▶ RECORDS SHOWN:
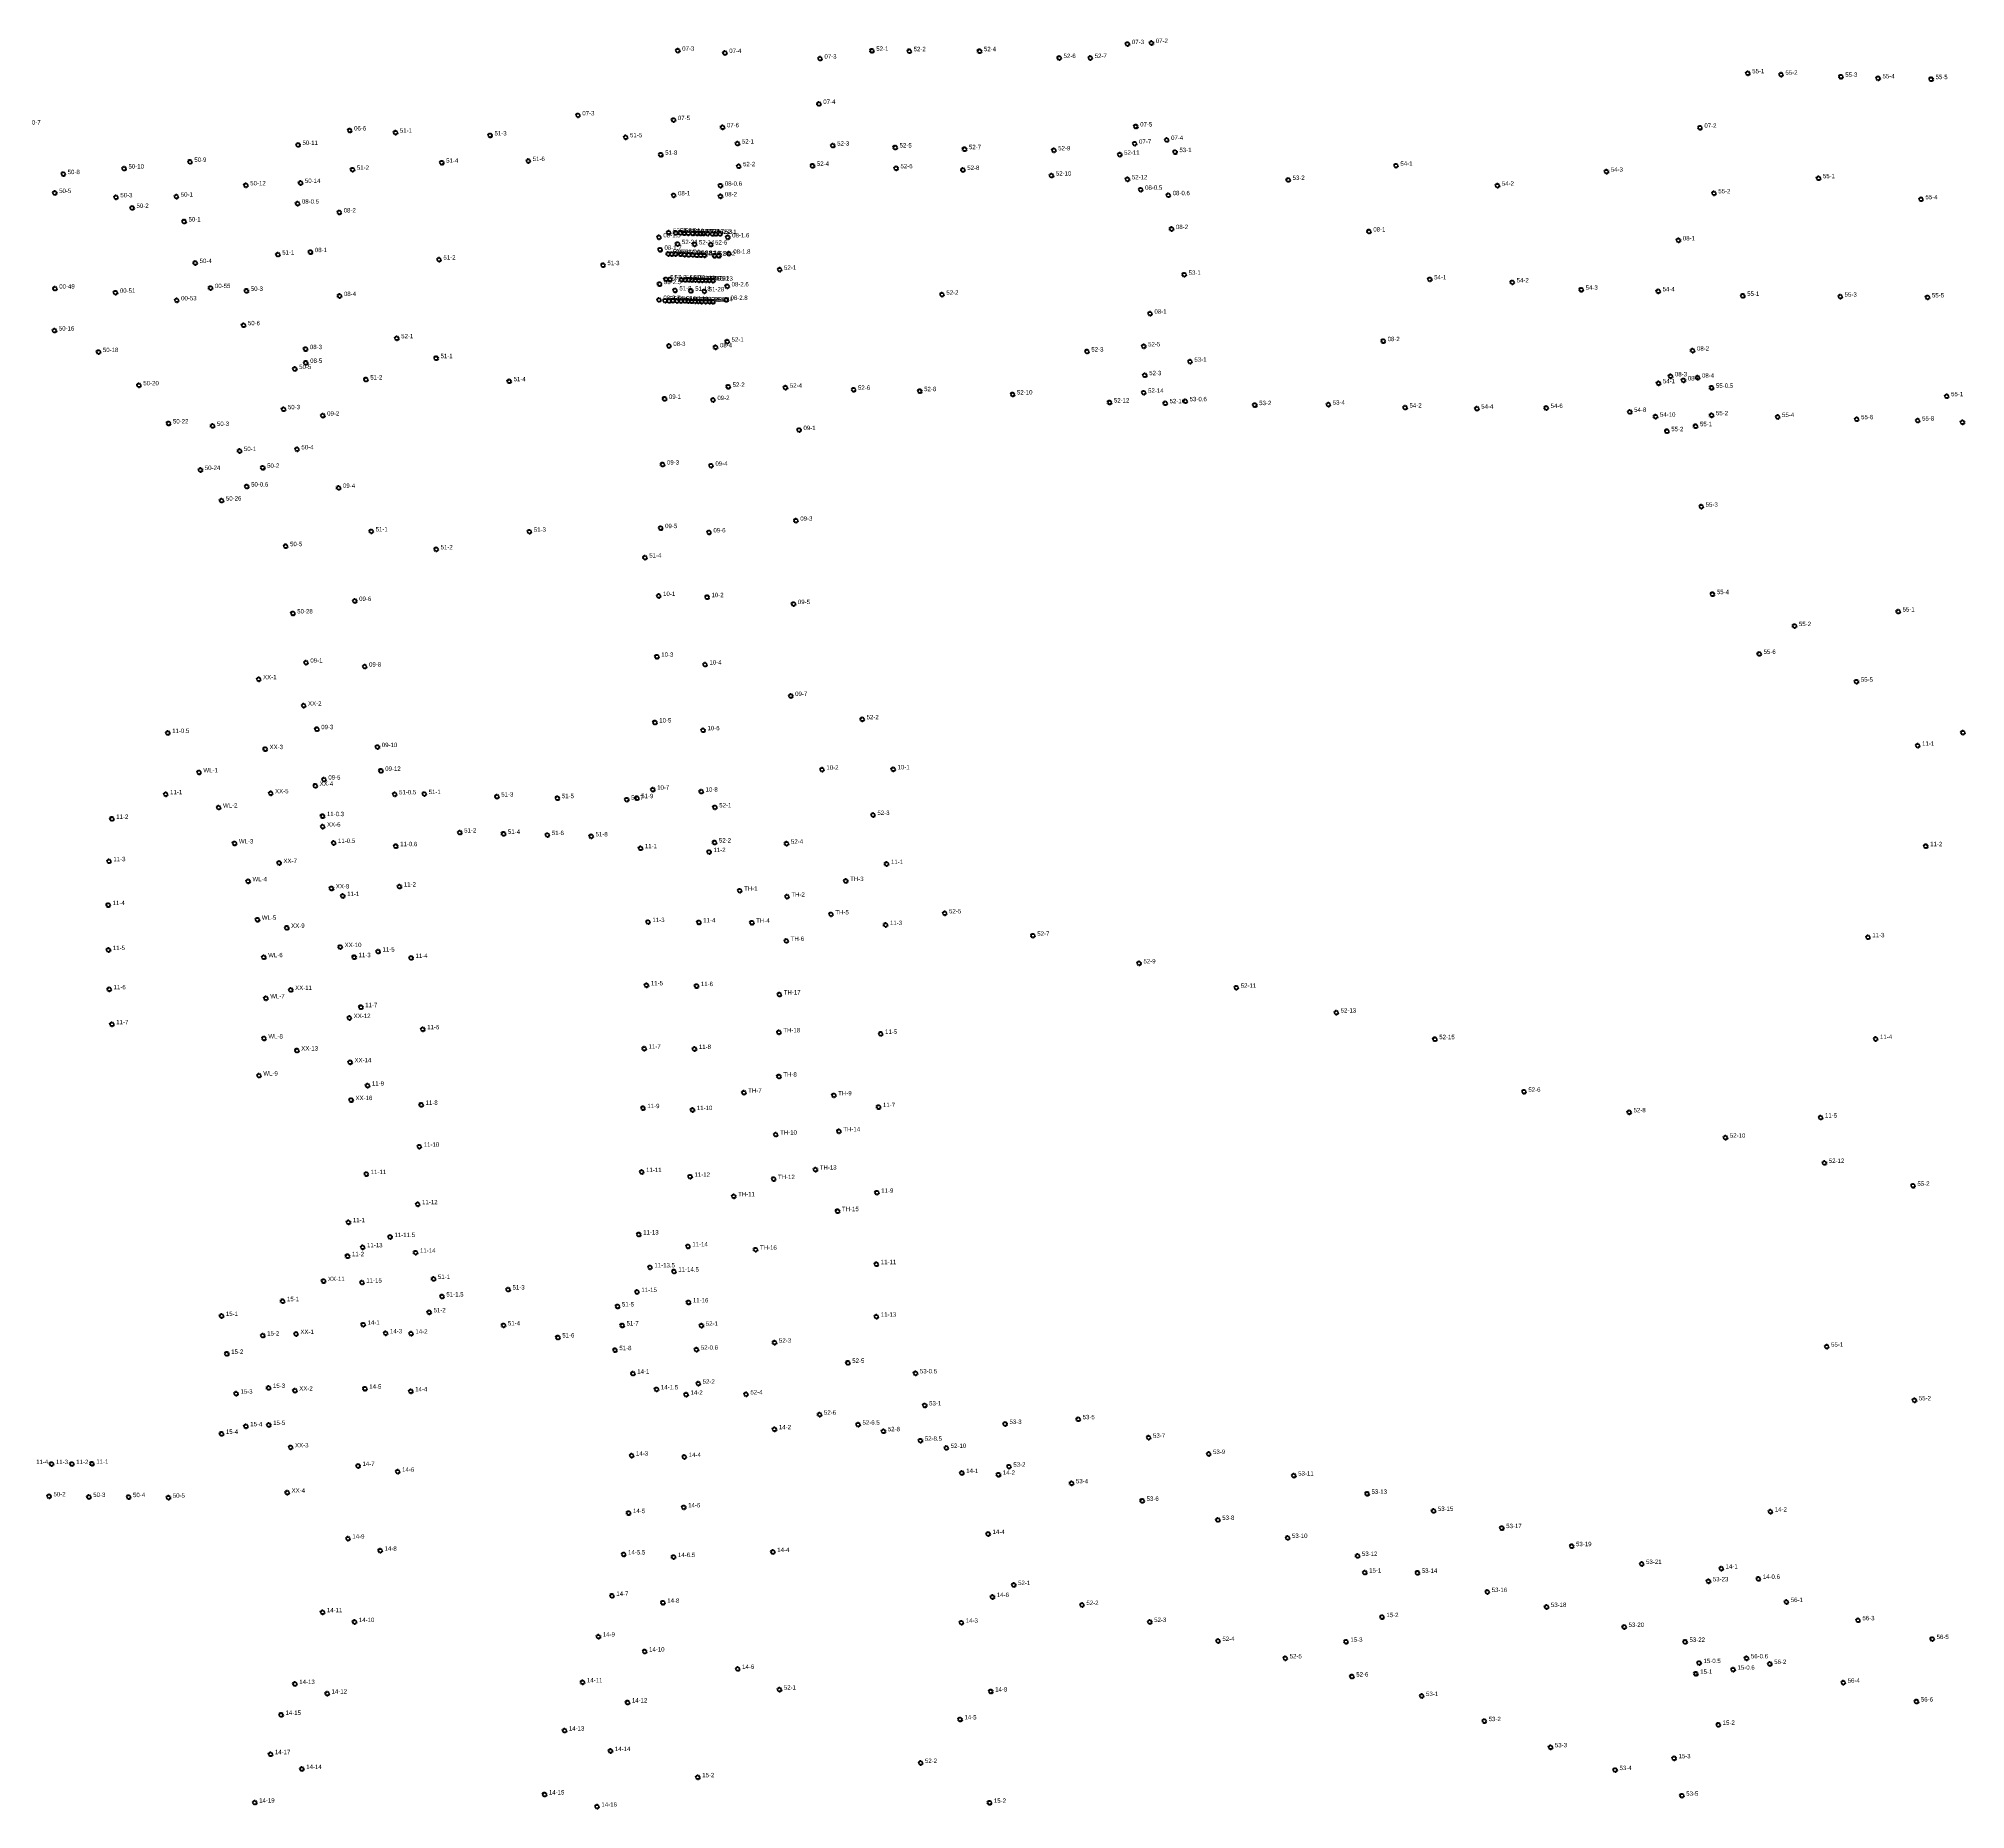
# Model space of a CAD drawing. Header units: inches. Extents: x 486468 to 494393, y 5455952 to 5461583.
# Drawn here: x 492440 to 493319, y 5457573 to 5458381 of the extents above; entities that cross this region are included whole.
import ezdxf

# ---------------------------------------------------------------- set-up
doc = ezdxf.new("R2010")
doc.units = ezdxf.units.IN
doc.header["$MEASUREMENT"] = 0
doc.layers.add('StreetLightingPoles', color=10, linetype='Continuous')

# ---------------------------------------------------------------- blocks, each defined once
blk = doc.blocks.new('Light')
at = {"color": 255}
for p, q in [((-0.71, 0.23), (-1.19, 0.39)), ((-0.44, 0.61), (-0.73, 1.01)), ((0, 0.75), (0, 1.25)), ((0.44, 0.61), (0.73, 1.01)), ((0.71, 0.23), (1.19, 0.39)), ((-0.71, -0.23), (-1.19, -0.39)), ((-0.44, -0.61), (-0.73, -1.01)), ((0, -0.75), (0, -1.25)), ((0.44, -0.61), (0.73, -1.01)), ((0.71, -0.23), (1.19, -0.39))]:
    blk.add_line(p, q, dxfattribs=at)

▶ TASK REQUIREMENTS: Write out word for word only the lines from the one with "# Drawn here: x" to the end of the material, both ends included.

▶ RESULT OF THE TASK:
# Drawn here: x 492440 to 493319, y 5457573 to 5458381 of the extents above; entities that cross this region are included whole.
import ezdxf

# ---------------------------------------------------------------- set-up
doc = ezdxf.new("R2010")
doc.units = ezdxf.units.IN
doc.header["$MEASUREMENT"] = 0
doc.layers.add('StreetLightingPoles', color=10, linetype='Continuous')

# ---------------------------------------------------------------- blocks, each defined once
blk = doc.blocks.new('Light')
at = {"color": 255}
for p, q in [((-0.71, 0.23), (-1.19, 0.39)), ((-0.44, 0.61), (-0.73, 1.01)), ((0, 0.75), (0, 1.25)), ((0.44, 0.61), (0.73, 1.01)), ((0.71, 0.23), (1.19, 0.39)), ((-0.71, -0.23), (-1.19, -0.39)), ((-0.44, -0.61), (-0.73, -1.01)), ((0, -0.75), (0, -1.25)), ((0.44, -0.61), (0.73, -1.01)), ((0.71, -0.23), (1.19, -0.39))]:
    blk.add_line(p, q, dxfattribs=at)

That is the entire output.